PROVIDED DATA »
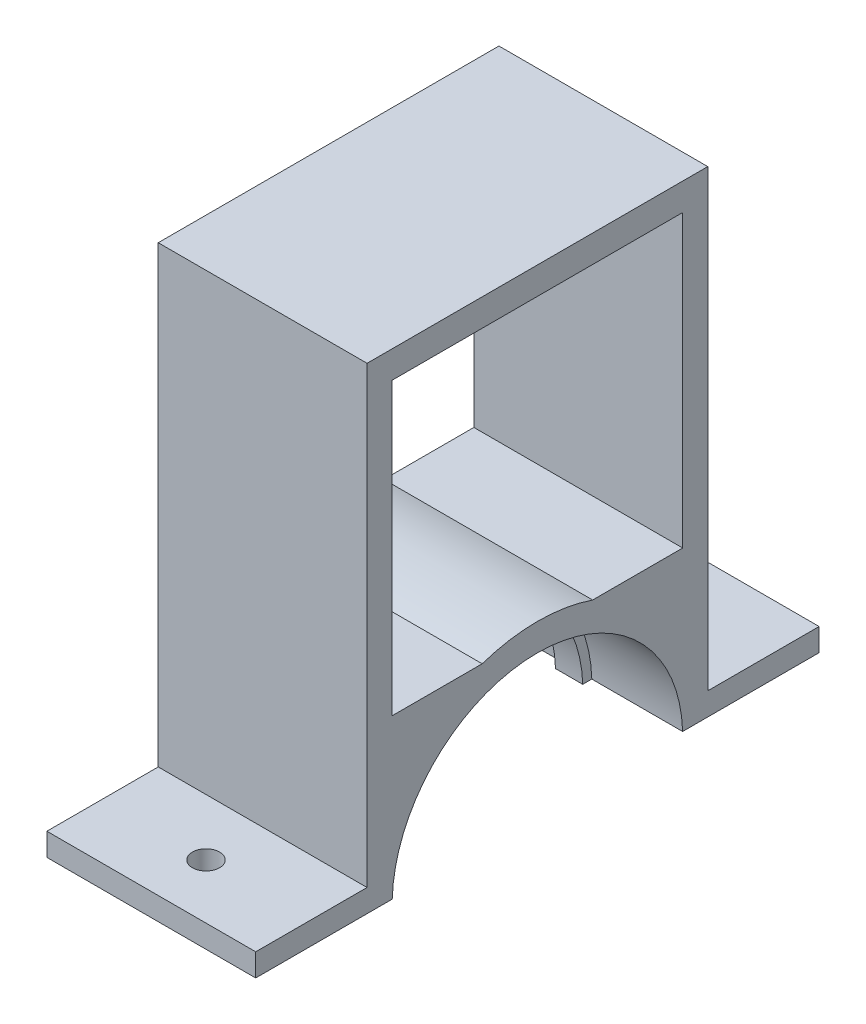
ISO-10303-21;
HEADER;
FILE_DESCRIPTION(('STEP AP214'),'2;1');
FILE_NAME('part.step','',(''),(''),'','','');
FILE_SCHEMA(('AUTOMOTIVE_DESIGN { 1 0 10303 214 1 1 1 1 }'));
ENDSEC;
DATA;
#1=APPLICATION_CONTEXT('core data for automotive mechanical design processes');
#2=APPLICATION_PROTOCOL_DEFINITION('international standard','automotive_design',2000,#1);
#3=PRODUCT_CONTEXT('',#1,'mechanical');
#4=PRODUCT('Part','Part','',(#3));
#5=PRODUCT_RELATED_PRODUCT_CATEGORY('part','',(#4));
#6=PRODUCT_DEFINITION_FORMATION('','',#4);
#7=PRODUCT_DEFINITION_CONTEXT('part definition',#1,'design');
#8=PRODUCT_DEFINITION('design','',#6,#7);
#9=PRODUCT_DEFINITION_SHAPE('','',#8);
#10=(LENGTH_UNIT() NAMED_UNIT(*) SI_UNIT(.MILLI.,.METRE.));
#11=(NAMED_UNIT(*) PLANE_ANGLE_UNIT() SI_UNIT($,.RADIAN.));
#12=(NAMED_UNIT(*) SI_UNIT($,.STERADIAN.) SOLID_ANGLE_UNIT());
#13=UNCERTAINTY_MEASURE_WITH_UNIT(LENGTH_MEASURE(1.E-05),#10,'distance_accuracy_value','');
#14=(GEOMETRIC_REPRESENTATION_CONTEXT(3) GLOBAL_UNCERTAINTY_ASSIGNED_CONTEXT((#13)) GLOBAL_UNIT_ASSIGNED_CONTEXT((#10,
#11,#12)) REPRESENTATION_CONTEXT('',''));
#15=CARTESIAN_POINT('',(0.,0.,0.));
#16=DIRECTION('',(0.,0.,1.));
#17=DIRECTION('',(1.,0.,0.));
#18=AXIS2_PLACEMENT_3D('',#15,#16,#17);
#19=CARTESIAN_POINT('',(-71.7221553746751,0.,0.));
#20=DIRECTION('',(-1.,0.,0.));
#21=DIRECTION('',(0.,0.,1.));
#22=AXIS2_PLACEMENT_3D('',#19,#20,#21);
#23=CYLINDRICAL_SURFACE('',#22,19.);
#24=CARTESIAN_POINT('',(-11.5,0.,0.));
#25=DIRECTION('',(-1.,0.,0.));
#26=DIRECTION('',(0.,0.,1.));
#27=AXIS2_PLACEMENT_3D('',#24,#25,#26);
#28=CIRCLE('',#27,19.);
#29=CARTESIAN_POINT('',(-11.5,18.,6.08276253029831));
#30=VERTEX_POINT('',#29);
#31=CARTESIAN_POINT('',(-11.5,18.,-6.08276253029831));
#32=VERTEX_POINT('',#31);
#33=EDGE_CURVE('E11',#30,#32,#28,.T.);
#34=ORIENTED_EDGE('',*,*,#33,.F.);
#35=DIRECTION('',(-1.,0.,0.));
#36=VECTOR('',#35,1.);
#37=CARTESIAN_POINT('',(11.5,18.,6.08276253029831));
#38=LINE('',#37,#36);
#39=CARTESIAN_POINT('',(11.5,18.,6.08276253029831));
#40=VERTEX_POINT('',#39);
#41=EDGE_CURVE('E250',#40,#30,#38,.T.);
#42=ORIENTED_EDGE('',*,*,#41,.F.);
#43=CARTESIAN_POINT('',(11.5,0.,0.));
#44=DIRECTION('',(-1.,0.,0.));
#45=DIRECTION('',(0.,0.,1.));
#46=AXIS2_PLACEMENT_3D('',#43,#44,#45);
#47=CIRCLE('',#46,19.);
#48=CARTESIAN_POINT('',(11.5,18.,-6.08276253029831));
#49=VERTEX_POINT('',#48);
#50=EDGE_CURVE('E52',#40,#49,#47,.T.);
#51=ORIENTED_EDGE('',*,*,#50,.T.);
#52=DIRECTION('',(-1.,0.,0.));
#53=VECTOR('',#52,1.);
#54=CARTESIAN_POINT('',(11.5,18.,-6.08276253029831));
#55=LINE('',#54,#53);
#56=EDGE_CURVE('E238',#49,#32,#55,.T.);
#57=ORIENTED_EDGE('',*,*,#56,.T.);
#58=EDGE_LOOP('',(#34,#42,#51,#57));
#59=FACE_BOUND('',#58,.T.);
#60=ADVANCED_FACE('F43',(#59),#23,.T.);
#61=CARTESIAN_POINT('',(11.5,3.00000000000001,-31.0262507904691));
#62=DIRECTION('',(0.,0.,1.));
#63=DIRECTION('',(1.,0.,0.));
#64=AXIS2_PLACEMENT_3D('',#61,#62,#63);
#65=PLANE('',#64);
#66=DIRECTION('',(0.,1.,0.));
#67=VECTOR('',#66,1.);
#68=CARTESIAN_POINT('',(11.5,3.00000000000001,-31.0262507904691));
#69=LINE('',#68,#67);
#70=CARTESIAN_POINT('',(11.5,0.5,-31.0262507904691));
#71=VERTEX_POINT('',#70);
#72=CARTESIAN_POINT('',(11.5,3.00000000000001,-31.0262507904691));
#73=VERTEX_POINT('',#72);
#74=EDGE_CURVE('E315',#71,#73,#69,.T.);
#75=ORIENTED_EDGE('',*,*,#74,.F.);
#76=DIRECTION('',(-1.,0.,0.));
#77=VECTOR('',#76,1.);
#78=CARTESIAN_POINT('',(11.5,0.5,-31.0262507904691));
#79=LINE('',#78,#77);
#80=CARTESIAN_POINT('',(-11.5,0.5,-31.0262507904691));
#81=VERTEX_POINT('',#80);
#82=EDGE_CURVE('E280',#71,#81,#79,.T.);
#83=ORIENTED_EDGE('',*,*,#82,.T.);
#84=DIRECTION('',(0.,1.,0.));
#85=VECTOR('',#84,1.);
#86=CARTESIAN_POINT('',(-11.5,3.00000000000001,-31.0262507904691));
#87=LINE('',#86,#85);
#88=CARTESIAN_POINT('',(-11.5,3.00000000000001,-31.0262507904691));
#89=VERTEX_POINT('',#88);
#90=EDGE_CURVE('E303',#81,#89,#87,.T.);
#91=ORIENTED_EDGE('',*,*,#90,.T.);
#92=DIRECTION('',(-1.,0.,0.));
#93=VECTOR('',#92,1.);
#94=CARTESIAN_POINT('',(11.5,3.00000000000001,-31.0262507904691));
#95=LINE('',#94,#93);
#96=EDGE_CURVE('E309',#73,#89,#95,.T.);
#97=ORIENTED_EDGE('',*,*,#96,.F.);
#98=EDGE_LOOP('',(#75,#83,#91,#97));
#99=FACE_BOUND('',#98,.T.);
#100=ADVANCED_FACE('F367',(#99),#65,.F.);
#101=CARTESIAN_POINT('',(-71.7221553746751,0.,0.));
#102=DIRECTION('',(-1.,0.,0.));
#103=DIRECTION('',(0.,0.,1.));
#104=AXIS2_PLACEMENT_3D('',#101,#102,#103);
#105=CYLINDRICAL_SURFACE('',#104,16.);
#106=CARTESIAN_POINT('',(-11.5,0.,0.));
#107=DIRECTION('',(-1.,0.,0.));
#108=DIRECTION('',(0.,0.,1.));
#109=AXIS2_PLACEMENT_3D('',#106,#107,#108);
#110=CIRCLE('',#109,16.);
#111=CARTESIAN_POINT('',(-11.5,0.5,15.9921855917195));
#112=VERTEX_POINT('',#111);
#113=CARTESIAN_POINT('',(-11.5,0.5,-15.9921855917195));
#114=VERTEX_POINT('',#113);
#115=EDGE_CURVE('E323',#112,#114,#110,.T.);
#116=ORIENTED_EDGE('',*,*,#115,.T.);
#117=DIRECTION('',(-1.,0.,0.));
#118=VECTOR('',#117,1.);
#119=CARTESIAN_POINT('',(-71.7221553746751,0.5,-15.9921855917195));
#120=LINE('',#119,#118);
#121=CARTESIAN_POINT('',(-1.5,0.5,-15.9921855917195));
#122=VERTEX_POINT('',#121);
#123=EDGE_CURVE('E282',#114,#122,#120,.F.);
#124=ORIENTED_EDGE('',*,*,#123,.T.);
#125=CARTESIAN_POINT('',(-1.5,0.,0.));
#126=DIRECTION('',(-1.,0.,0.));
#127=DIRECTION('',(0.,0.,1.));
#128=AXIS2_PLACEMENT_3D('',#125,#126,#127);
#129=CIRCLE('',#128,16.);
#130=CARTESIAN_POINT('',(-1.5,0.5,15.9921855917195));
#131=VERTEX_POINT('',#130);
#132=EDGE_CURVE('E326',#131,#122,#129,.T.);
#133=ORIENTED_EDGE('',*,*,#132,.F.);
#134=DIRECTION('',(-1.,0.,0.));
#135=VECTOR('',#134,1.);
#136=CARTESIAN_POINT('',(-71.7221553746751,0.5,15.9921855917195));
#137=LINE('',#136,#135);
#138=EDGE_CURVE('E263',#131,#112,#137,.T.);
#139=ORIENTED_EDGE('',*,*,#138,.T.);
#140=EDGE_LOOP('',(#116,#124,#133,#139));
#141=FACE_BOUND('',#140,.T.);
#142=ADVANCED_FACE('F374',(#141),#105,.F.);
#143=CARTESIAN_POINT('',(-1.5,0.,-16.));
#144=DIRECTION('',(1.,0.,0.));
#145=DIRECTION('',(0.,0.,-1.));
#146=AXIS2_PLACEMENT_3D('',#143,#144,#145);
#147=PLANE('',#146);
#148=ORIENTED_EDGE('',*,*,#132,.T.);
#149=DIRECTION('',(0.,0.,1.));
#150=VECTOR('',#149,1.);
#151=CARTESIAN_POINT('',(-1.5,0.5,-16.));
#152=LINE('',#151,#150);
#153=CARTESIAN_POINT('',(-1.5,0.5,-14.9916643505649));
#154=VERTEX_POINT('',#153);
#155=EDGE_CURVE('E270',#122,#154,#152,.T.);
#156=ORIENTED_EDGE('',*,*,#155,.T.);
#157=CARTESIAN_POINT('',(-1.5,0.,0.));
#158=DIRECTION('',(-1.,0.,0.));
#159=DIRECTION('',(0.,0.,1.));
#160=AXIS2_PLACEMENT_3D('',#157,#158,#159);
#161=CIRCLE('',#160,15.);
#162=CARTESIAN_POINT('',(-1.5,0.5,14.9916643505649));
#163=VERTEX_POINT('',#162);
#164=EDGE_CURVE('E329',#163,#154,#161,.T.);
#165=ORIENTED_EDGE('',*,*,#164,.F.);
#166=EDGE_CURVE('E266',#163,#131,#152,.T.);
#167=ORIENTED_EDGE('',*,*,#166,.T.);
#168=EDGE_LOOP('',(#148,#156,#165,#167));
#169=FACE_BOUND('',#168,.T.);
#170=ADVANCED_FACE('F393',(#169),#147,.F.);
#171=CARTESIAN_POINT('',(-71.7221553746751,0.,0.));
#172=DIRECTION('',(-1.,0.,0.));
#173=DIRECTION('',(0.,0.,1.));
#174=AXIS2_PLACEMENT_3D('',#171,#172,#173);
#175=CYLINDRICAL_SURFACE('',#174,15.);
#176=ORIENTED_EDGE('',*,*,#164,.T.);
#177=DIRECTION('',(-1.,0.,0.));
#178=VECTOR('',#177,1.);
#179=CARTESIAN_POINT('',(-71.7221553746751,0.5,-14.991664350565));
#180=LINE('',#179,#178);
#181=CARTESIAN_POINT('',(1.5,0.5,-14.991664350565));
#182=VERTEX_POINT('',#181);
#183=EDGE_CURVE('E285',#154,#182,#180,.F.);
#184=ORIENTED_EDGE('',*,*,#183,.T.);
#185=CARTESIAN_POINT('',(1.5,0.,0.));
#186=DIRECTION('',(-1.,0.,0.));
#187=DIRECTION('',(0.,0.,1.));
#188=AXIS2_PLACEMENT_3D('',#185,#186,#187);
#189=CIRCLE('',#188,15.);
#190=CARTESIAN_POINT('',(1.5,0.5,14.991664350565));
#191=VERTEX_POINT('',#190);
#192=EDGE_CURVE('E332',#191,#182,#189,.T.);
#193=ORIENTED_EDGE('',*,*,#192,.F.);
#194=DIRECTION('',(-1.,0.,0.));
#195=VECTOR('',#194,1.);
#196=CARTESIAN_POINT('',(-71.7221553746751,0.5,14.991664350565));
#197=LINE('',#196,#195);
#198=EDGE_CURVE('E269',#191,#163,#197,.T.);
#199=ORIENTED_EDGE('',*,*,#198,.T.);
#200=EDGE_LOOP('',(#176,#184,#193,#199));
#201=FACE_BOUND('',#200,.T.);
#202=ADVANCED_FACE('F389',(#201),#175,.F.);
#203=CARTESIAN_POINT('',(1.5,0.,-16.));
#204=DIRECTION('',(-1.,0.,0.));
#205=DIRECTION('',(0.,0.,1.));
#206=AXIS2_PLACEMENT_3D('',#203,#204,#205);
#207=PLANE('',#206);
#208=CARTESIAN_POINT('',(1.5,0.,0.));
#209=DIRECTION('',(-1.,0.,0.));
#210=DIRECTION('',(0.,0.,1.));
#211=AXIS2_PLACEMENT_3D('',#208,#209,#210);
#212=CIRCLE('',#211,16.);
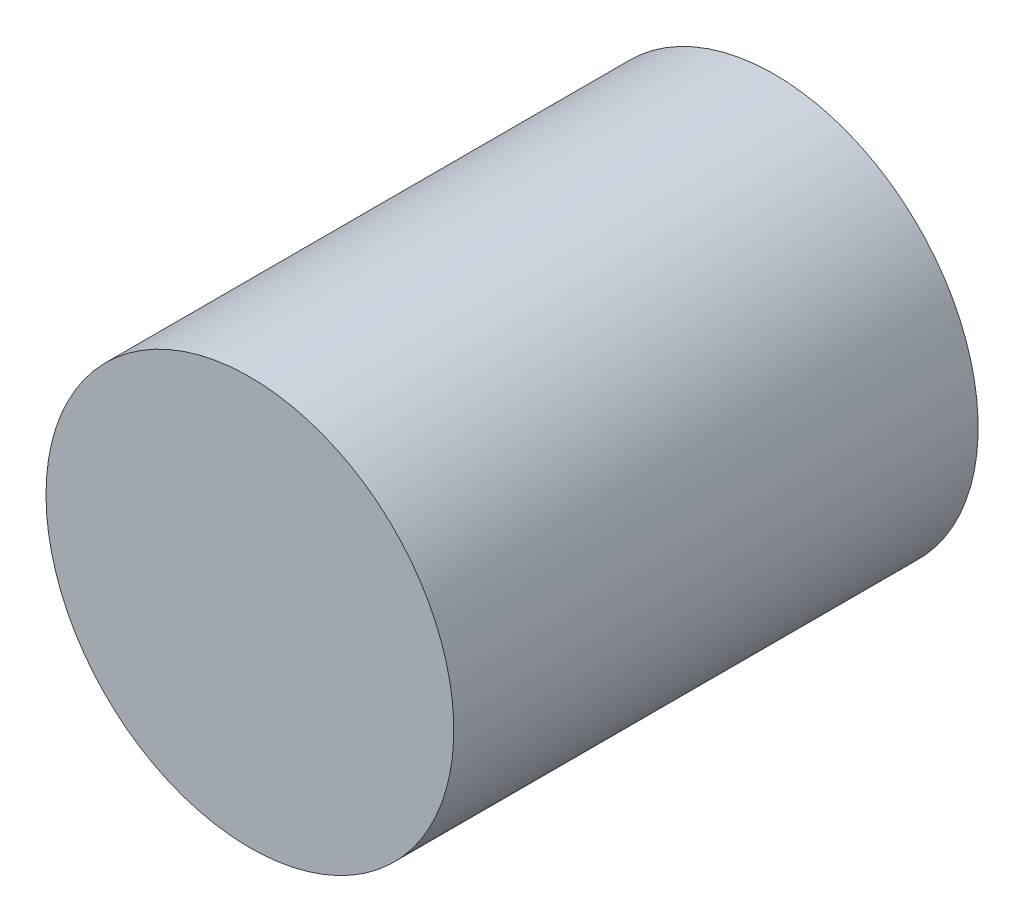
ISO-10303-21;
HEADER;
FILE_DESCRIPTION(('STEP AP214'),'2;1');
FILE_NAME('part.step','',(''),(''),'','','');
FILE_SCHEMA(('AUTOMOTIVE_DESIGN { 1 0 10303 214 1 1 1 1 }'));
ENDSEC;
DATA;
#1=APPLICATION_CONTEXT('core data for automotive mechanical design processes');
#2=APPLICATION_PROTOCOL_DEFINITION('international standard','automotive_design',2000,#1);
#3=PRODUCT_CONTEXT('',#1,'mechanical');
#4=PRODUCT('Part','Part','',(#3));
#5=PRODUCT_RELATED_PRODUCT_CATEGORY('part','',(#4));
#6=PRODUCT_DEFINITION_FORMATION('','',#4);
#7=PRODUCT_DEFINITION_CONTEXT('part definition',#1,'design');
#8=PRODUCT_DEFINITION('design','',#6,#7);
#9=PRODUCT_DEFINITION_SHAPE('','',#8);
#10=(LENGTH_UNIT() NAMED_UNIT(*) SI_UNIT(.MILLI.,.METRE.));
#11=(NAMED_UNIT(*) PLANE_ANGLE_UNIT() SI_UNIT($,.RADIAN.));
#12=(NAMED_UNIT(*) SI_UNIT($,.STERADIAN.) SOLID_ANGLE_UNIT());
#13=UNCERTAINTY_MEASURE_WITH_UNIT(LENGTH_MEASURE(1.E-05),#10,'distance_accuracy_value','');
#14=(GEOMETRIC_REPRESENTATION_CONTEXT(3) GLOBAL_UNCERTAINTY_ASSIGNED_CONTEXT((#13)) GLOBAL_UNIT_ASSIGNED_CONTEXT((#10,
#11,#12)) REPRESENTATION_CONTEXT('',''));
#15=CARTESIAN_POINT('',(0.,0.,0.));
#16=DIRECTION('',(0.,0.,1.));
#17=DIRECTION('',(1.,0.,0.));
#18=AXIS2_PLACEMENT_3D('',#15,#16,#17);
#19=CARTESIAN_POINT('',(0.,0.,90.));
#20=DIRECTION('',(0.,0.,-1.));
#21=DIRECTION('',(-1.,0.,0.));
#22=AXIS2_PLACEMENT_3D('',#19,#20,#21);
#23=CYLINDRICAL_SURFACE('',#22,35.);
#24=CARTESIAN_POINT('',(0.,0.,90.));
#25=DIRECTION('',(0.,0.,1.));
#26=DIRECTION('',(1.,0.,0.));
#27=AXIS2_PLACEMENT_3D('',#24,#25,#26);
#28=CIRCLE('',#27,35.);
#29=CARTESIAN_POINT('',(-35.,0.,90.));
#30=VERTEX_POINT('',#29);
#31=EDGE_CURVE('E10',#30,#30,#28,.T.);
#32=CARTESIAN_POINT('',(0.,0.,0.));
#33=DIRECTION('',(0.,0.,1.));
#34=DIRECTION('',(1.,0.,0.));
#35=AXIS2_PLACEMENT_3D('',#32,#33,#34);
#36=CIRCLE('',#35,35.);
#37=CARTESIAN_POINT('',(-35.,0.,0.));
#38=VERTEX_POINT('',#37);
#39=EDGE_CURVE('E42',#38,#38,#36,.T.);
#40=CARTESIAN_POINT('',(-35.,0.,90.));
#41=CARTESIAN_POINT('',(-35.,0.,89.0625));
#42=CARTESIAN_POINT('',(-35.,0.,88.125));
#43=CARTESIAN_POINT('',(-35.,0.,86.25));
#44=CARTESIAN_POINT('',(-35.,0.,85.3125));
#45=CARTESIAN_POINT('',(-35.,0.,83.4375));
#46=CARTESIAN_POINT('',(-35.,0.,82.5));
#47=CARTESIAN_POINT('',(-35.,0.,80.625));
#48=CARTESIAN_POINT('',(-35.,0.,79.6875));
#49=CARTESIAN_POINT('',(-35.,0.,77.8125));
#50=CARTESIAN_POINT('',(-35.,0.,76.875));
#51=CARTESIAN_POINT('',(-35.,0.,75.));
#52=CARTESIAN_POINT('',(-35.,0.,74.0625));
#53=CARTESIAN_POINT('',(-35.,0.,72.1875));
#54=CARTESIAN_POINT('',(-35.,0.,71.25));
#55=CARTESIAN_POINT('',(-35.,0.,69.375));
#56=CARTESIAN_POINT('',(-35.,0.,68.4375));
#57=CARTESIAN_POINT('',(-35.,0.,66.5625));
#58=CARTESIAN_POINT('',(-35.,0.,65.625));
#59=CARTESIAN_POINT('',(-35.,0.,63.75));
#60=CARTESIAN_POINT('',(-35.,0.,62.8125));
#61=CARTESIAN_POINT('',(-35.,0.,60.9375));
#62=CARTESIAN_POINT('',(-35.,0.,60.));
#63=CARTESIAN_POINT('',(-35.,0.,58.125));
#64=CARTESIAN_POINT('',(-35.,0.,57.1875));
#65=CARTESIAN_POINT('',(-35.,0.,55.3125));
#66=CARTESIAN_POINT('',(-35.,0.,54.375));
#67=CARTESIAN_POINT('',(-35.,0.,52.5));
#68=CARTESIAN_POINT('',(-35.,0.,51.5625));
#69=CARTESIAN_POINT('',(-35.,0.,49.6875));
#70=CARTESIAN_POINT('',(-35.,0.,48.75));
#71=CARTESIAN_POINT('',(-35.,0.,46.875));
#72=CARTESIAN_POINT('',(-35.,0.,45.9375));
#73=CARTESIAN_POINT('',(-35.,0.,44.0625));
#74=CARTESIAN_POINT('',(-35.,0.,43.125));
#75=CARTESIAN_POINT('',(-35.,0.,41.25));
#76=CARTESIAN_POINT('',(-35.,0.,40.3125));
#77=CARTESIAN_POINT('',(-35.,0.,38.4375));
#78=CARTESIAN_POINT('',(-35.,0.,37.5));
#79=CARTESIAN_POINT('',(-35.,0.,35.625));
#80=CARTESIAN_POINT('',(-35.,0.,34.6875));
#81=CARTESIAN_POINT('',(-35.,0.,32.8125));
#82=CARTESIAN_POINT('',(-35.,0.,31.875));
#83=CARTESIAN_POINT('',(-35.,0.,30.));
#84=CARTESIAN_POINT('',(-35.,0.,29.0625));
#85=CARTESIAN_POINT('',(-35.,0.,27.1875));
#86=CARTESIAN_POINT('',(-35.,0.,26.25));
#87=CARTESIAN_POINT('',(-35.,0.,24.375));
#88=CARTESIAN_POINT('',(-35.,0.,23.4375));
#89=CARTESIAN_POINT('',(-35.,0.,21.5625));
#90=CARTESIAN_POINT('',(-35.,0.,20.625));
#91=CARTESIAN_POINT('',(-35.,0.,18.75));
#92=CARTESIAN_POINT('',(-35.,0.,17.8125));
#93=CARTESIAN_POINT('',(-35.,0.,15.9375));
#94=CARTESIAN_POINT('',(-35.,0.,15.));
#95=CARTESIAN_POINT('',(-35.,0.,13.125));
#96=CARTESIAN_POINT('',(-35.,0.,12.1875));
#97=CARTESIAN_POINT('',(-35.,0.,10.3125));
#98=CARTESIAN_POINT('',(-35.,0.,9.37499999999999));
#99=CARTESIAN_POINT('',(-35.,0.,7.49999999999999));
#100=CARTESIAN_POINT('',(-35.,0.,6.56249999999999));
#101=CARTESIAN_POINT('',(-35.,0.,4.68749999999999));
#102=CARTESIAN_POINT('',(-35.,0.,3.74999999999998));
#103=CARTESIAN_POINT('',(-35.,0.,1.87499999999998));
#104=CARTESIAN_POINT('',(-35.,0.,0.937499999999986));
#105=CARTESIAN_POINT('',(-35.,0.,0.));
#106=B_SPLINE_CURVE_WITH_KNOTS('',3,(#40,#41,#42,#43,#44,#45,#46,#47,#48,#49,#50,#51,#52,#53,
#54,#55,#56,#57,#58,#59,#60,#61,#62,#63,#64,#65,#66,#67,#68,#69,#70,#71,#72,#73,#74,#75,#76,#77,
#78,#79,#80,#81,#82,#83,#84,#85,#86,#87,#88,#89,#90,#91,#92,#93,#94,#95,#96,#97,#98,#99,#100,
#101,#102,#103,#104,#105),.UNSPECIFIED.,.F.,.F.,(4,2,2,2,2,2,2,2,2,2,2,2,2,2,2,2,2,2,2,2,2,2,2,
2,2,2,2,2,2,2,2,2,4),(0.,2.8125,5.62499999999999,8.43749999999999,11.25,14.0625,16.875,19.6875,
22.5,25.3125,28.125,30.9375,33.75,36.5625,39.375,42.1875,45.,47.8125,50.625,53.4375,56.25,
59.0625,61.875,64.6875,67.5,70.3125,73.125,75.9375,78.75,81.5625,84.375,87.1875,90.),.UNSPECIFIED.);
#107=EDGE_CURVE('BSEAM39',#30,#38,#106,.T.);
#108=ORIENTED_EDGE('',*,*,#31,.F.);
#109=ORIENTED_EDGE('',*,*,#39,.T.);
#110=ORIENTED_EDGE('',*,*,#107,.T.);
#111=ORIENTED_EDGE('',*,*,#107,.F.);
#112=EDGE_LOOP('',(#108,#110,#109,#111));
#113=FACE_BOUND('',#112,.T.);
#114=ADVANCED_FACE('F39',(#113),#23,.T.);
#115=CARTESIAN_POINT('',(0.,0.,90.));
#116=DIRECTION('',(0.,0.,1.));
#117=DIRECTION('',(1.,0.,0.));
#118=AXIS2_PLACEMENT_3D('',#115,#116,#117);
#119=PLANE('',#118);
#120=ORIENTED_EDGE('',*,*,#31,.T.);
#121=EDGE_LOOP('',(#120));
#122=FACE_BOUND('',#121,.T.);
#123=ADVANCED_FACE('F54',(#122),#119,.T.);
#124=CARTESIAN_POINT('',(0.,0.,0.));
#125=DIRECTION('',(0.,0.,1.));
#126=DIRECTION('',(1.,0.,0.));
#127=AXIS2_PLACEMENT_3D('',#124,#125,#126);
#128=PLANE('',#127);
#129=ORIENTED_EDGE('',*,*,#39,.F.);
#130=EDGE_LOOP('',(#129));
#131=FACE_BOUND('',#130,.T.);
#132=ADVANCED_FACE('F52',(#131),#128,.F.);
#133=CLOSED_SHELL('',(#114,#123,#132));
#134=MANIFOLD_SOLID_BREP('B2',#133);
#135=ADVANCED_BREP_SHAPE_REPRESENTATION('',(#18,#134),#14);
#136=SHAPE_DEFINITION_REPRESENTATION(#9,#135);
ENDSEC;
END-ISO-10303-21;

AIM OF THE EXERCISE » Copy only this part of the entries above: the line with "#112=VERTEX_POINT('',#111);", the line with "#145=DIRECTION('',(0.,0.,-1.));", and the lines between, all exactly as written.

OUTPUT FOR THIS EXERCISE »
#112=VERTEX_POINT('',#111);
#113=CARTESIAN_POINT('',(-11.5,0.5,-15.9921855917195));
#114=VERTEX_POINT('',#113);
#115=EDGE_CURVE('E323',#112,#114,#110,.T.);
#116=ORIENTED_EDGE('',*,*,#115,.T.);
#117=DIRECTION('',(-1.,0.,0.));
#118=VECTOR('',#117,1.);
#119=CARTESIAN_POINT('',(-71.7221553746751,0.5,-15.9921855917195));
#120=LINE('',#119,#118);
#121=CARTESIAN_POINT('',(-1.5,0.5,-15.9921855917195));
#122=VERTEX_POINT('',#121);
#123=EDGE_CURVE('E282',#114,#122,#120,.F.);
#124=ORIENTED_EDGE('',*,*,#123,.T.);
#125=CARTESIAN_POINT('',(-1.5,0.,0.));
#126=DIRECTION('',(-1.,0.,0.));
#127=DIRECTION('',(0.,0.,1.));
#128=AXIS2_PLACEMENT_3D('',#125,#126,#127);
#129=CIRCLE('',#128,16.);
#130=CARTESIAN_POINT('',(-1.5,0.5,15.9921855917195));
#131=VERTEX_POINT('',#130);
#132=EDGE_CURVE('E326',#131,#122,#129,.T.);
#133=ORIENTED_EDGE('',*,*,#132,.F.);
#134=DIRECTION('',(-1.,0.,0.));
#135=VECTOR('',#134,1.);
#136=CARTESIAN_POINT('',(-71.7221553746751,0.5,15.9921855917195));
#137=LINE('',#136,#135);
#138=EDGE_CURVE('E263',#131,#112,#137,.T.);
#139=ORIENTED_EDGE('',*,*,#138,.T.);
#140=EDGE_LOOP('',(#116,#124,#133,#139));
#141=FACE_BOUND('',#140,.T.);
#142=ADVANCED_FACE('F374',(#141),#105,.F.);
#143=CARTESIAN_POINT('',(-1.5,0.,-16.));
#144=DIRECTION('',(1.,0.,0.));
#145=DIRECTION('',(0.,0.,-1.));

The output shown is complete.